Try it: Return only the lines from the start of the records through the line that contains "line L21 (46, -55) -> (48, -55)", inclusive; leave out all pictures.
▼
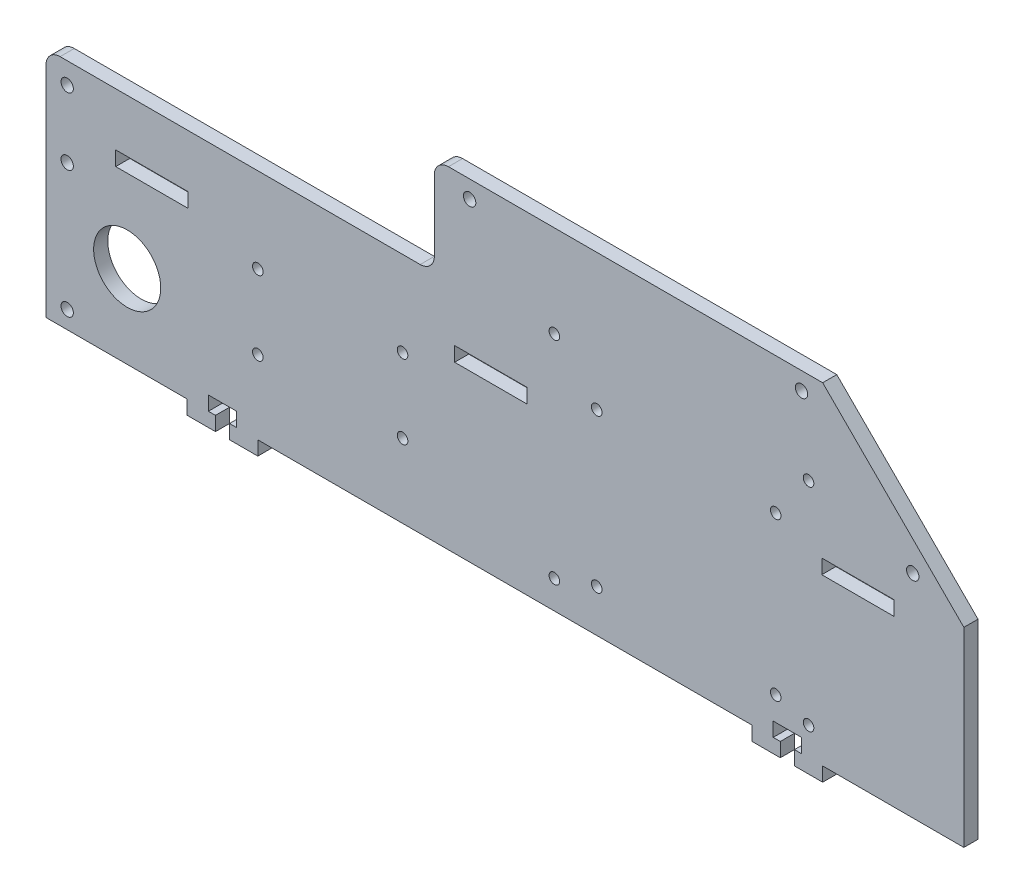
SolidWorks part; units mm, degrees
material "Ст 3 ГОСТ 380-88"
ref_plane "Спереди" through (0, 0, 0) normal (0, 0, 1) x (1, 0, 0)
ref_plane "Сверху" through (0, 0, 0) normal (0, 1, 0) x (1, 0, 0)
ref_plane "Справа" through (0, 0, 0) normal (1, 0, 0) x (0, 0, -1)
other "Configuration Table"
sketch "Эскиз1" plane through (0, 0, 0) normal (0, 0, 1) x (1, 0, 0)
  line L0 (52, -59) -> (60, -59)
  line L2 (0, 0) -> (0, -55)
  line L3 (0, -55) -> (40, -55)
  line L4 (260, -1) -> (260, -55)
  line L6 (40, -55) -> (40, -59)
  line L7 (40, -59) -> (48, -59)
  line L8 (60, -55) -> (60, -59)
  line L10 (200, -55) -> (200, -59)
  line L11 (200, -59) -> (208, -59)
  line L12 (220, -55) -> (220, -59)
  line L14 (48, -59) -> (48, -55)
  line L16 (52, -59) -> (52, -55)
  line L18 (46, -55) -> (46, -51)
  line L19 (46, -51) -> (54, -51)
  line L20 (54, -55) -> (54, -51)
  line L21 (46, -55) -> (48, -55)
  line L23 (52, -55) -> (54, -55)
  line L24 (60, -55) -> (200, -55)
  line L25 (206, -55) -> (208, -55)
  line L26 (212, -55) -> (214, -55)
  line L28 (208, -55) -> (208, -59)
  line L30 (212, -55) -> (212, -59)
  line L32 (206, -55) -> (206, -51)
  line L33 (206, -51) -> (214, -51)
  line L34 (214, -55) -> (214, -51)
  line L35 (220, -55) -> (260, -55)
  line L36 (120, 39) -> (220, 39)
  line L37 (19.75, -4) -> (40.25, -4)
  line L38 (19.75, -4) -> (19.75, -8.1)
  line L39 (212, -59) -> (220, -59)
  line L40 (19.75, -8.1) -> (40.25, -8.1)
  line L41 (40.25, -4) -> (40.25, -8.1)
  line L42 (219.75, -4.119) -> (240.25, -4.119)
  line L43 (219.75, -4.119) -> (219.75, -8.219)
  line L44 (219.75, -8.219) -> (240.25, -8.219)
  line L45 (240.25, -4.119) -> (240.25, -8.219)
  line L46 (115.75, -4) -> (136.25, -4)
  line L47 (115.75, -4) -> (115.75, -8.1)
  line L48 (115.75, -8.1) -> (136.25, -8.1)
  line L49 (136.25, -4) -> (136.25, -8.1)
  line L51 (0, 0) -> (0, 7)
  line L52 (4, 11) -> (106, 11)
  line L54 (114, 39) -> (120, 39)
  line L63 (110, 15) -> (110, 35)
  line L64 (260, -1) -> (220, 39)
  circle A0 centre (23, -31.5) radius 9.5
  arc A2 (106, 11) -> (110, 15) centre (106, 15) ccw
  arc A3 (110, 35) -> (114, 39) centre (114, 35) cw
  arc A4 (0, 7) -> (4, 11) centre (4, 7) cw
  circle A5 centre (23, -31.5) radius 17.5 construction
  circle A6 centre (156, -43) radius 1.5
  circle A8 centre (206.7, 0.4) radius 1.5
  circle A9 centre (156, 0.4) radius 1.5
  circle A12 centre (206.7, -43) radius 1.5
  circle A13 centre (206.7, -44.2) radius 1.5
  circle A14 centre (144, -47) radius 1.5
  circle A18 centre (216, -47) radius 1.5
  circle A19 centre (216, 13) radius 1.5
  circle A20 centre (144, 13) radius 1.5
  point P55 (0, 11)
  point P58 (0, -27.5)
  dimension "D28" = 19
  dimension "D38" = 54
  dimension "D39" = 4
  dimension "D42" = 35
  dimension "D43" = 3
  dimension "D49" = 44.6
  dimension "D51" = 3
  dimension "D53" = 3
  dimension "D2" = 55
  dimension "D3" = 4
  dimension "D4" = 20
  dimension "D5" = 40
  dimension "D6" = 4
  dimension "D7" = 20
  dimension "D8" = 40
  dimension "D9" = 4
  dimension "D10" = 2
  dimension "D11" = 2
  dimension "D12" = 4
  dimension "D13" = 8
  dimension "D14" = 4
  dimension "D15" = 8
  dimension "D16" = 4
  dimension "D17" = 2
  dimension "D18" = 2
  dimension "D19" = 4.1
  dimension "D20" = 28
  dimension "D21" = 19.75
  dimension "D22" = 20.5
  dimension "D23" = 4.1
  dimension "D24" = 20.5
  dimension "D25" = 115.75
  dimension "D26" = 19.75
  dimension "D27" = 20.5
  dimension "D29" = 23.5
  dimension "D30" = 23
  dimension "D31" = 4
  dimension "D32" = 110
  dimension "D33" = 66
  dimension "D34" = 94
  dimension "D35" = 40
  dimension "D36" = 260
  dimension "D37" = 56.5685
  dimension "D40" = 40
  dimension "D41" = 220
  dimension "D44" = 12
  dimension "D47" = 156
  dimension "D48" = 43.4
  dimension "D50" = 50.7
  dimension "D52" = 8
  dimension "D55" = 12
  dimension "D45" = 2
  dimension "D46" = 2
  dimension "D56" = 2
base flange "Базовая кромка1" sketch "Эскиз1" thickness 4 reverse thickness direction no parameters "D1"=0.7366
sketch "Эскиз6" plane through (0, 0, 0) normal (0, 0, 1) x (1, 0, 0)
  line L1 (0, 7) -> (0, -55) construction
  line L2 (0, 7) -> (0, -55) construction
  line L3 (0, -55) -> (40, -55) construction
  line L4 (0, -55) -> (40, -55) construction
  line L5 (220, 39) -> (114, 39) construction
  line L7 (260, -1) -> (220, 39) construction
  circle A0 centre (6, 5) radius 1.75
  circle A1 centre (120, 34) radius 1.75
  circle A2 centre (214, 34) radius 1.75
  circle A3 centre (245.5147, 5) radius 1.75
  circle A4 centre (6, -14) radius 1.75
  circle A5 centre (6, -50) radius 1.75
  dimension "D2" = 3.5
  dimension "D1" = 41
  dimension "D3" = 6
  dimension "D4" = 6
  dimension "D5" = 120
  dimension "D6" = 6
  dimension "D7" = 5
  dimension "D8" = 60
  dimension "D9" = 5
  dimension "D10" = 5
  dimension "D11" = 114
  dimension "D12" = 29
  dimension "D13" = 94
  dimension "D14" = 239.5147
  dimension "D15" = 34
  dimension "D16" = 31.5147
extrude "Вырез-Вытянуть1" cut sketch "Эскиз6" against normal through all normal cut yes
sketch "Эскиз7" plane through (0, 0, 0) normal (0, 0, 1) x (1, 0, 0)
  line L0 (19.75, -8.1) -> (40.25, -8.1) construction
  line L1 (64, -16.1) -> (176, -16.1)
  line L2 (60, -20.1) -> (60, -43)
  line L3 (64, -47) -> (176, -47)
  line L4 (180, -20.1) -> (180, -43)
  line L5 (60, -55) -> (200, -55) construction
  line L6 (0, 7) -> (0, -55) construction
  line L7 (260, -55) -> (260, -1) construction
  arc A0 (176, -47) -> (180, -43) centre (176, -43) ccw
  arc A1 (176, -16.1) -> (180, -20.1) centre (176, -20.1) cw
  arc A2 (64, -16.1) -> (60, -20.1) centre (64, -20.1) ccw
  arc A3 (60, -43) -> (64, -47) centre (64, -43) ccw
  dimension "D5" = 4
  dimension "D1" = 8
  dimension "D2" = 8
  dimension "D3" = 60
  dimension "D4" = 80
extrude "Вырез-Вытянуть2" [suppressed] cut sketch "Эскиз7" against normal through all
sketch "Эскиз8" plane through (0, -55, 0) normal (0, -1, 0) x (1, 0, 0)
  line L0 (46, 0) -> (54, 0) construction
  line L1 (48, -4) -> (48, 0) construction
  line L2 (206, 0) -> (214, 0) construction
  line L3 (208, -4) -> (208, 0) construction
  circle A0 centre (210, -2) radius 1
  circle A1 centre (50, -2) radius 0.8222
  dimension "D5" = 2
  dimension "D1" = 2
  dimension "D2" = 2
  dimension "D3" = 2
  dimension "D4" = 2
extrude "Вырез-Вытянуть3" cut sketch "Эскиз8" against normal blind 10 normal cut yes
sketch "Эскиз9" plane through (0, 0, 0) normal (0, 0, 1) x (1, 0, 0)
  line L0 (19.75, -8.1) -> (40.25, -8.1) construction
  line L1 (0, 7) -> (0, -55) construction
  circle A0 centre (60, -13.1) radius 1.5
  circle A1 centre (101, -34.1) radius 1.5
  circle A2 centre (101, -13.1) radius 1.5
  circle A3 centre (60, -34.1) radius 1.5
  dimension "D5" = 3
  dimension "D6" = 3
  dimension "D7" = 3
  dimension "D8" = 3
  dimension "D1" = 41
  dimension "D2" = 21
  dimension "D3" = 5
  dimension "D4" = 60
extrude "Вырез-Вытянуть4" cut sketch "Эскиз9" against normal up to next normal cut yes
sketch "Сгиб-Линии1" [suppressed] plane through (0, 0, 0) normal (0, 1, 0) x (1, 0, 0)
sketch "Граничная рамка1" [suppressed] plane through (0, 0, 0) normal (0, 1, 0) x (1, 0, 0)
sheet metal parameters "Листовой металл3" thickness 4 parameters "D1"=0.7366
flat pattern "Развертка3" [suppressed]
sketch "Сгиб-Линии2" plane through (0, 0, 0) normal (0, 1, 0) x (1, 0, 0)
sketch "Граничная рамка2" [suppressed] plane through (0, 0, 0) normal (0, 1, 0) x (1, 0, 0)
sheet metal parameters "Листовой металл4" thickness 4 parameters "D1"=0.7366
flat pattern "Развертка3"
sketch "Сгиб-Линии2" plane through (0, 0, 0) normal (0, 1, 0) x (1, 0, 0)
sketch "Граничная рамка2" [suppressed] plane through (0, 0, 0) normal (0, 1, 0) x (1, 0, 0)
sheet metal parameters "Листовой металл5" thickness 4 parameters "D1"=0.7366
flat pattern "Развертка3"
sketch "Сгиб-Линии2" plane through (0, 0, 0) normal (0, 1, 0) x (1, 0, 0)
sketch "Граничная рамка2" [suppressed] plane through (0, 0, 0) normal (0, 1, 0) x (1, 0, 0)
sheet metal parameters "Листовой металл6" thickness 4 parameters "D1"=0.7366
flat pattern "Развертка3"
sketch "Сгиб-Линии2" plane through (0, 0, 0) normal (0, 1, 0) x (1, 0, 0)
sketch3d "Граничная рамка2" [suppressed]
  line L0 (-3.9999, 32.0001, 0) -> (256, 32, 0) construction
  line L1 (-4, -65.9999, 0) -> (256, -66, 0) construction
  line L2 (-3.9999, 32.0001, 0) -> (-4, -65.9999, 0) construction
  line L3 (256, 32, 0) -> (256, -66, 0) construction
sheet metal parameters "Листовой металл7" thickness 4 parameters "D1"=0.7366
flat pattern "Развертка3"
sketch "Сгиб-Линии2" plane through (0, 0, 0) normal (0, 1, 0) x (1, 0, 0)
sketch3d "Граничная рамка2" [suppressed]
  line L0 (-3.9999, 32.0001, 0) -> (256, 32, 0) construction
  line L1 (-4, -65.9999, 0) -> (256, -66, 0) construction
  line L2 (-3.9999, 32.0001, 0) -> (-4, -65.9999, 0) construction
  line L3 (256, 32, 0) -> (256, -66, 0) construction
▲
Result:
SolidWorks part; units mm, degrees
material "Ст 3 ГОСТ 380-88"
ref_plane "Спереди" through (0, 0, 0) normal (0, 0, 1) x (1, 0, 0)
ref_plane "Сверху" through (0, 0, 0) normal (0, 1, 0) x (1, 0, 0)
ref_plane "Справа" through (0, 0, 0) normal (1, 0, 0) x (0, 0, -1)
other "Configuration Table"
sketch "Эскиз1" plane through (0, 0, 0) normal (0, 0, 1) x (1, 0, 0)
  line L0 (52, -59) -> (60, -59)
  line L2 (0, 0) -> (0, -55)
  line L3 (0, -55) -> (40, -55)
  line L4 (260, -1) -> (260, -55)
  line L6 (40, -55) -> (40, -59)
  line L7 (40, -59) -> (48, -59)
  line L8 (60, -55) -> (60, -59)
  line L10 (200, -55) -> (200, -59)
  line L11 (200, -59) -> (208, -59)
  line L12 (220, -55) -> (220, -59)
  line L14 (48, -59) -> (48, -55)
  line L16 (52, -59) -> (52, -55)
  line L18 (46, -55) -> (46, -51)
  line L19 (46, -51) -> (54, -51)
  line L20 (54, -55) -> (54, -51)
  line L21 (46, -55) -> (48, -55)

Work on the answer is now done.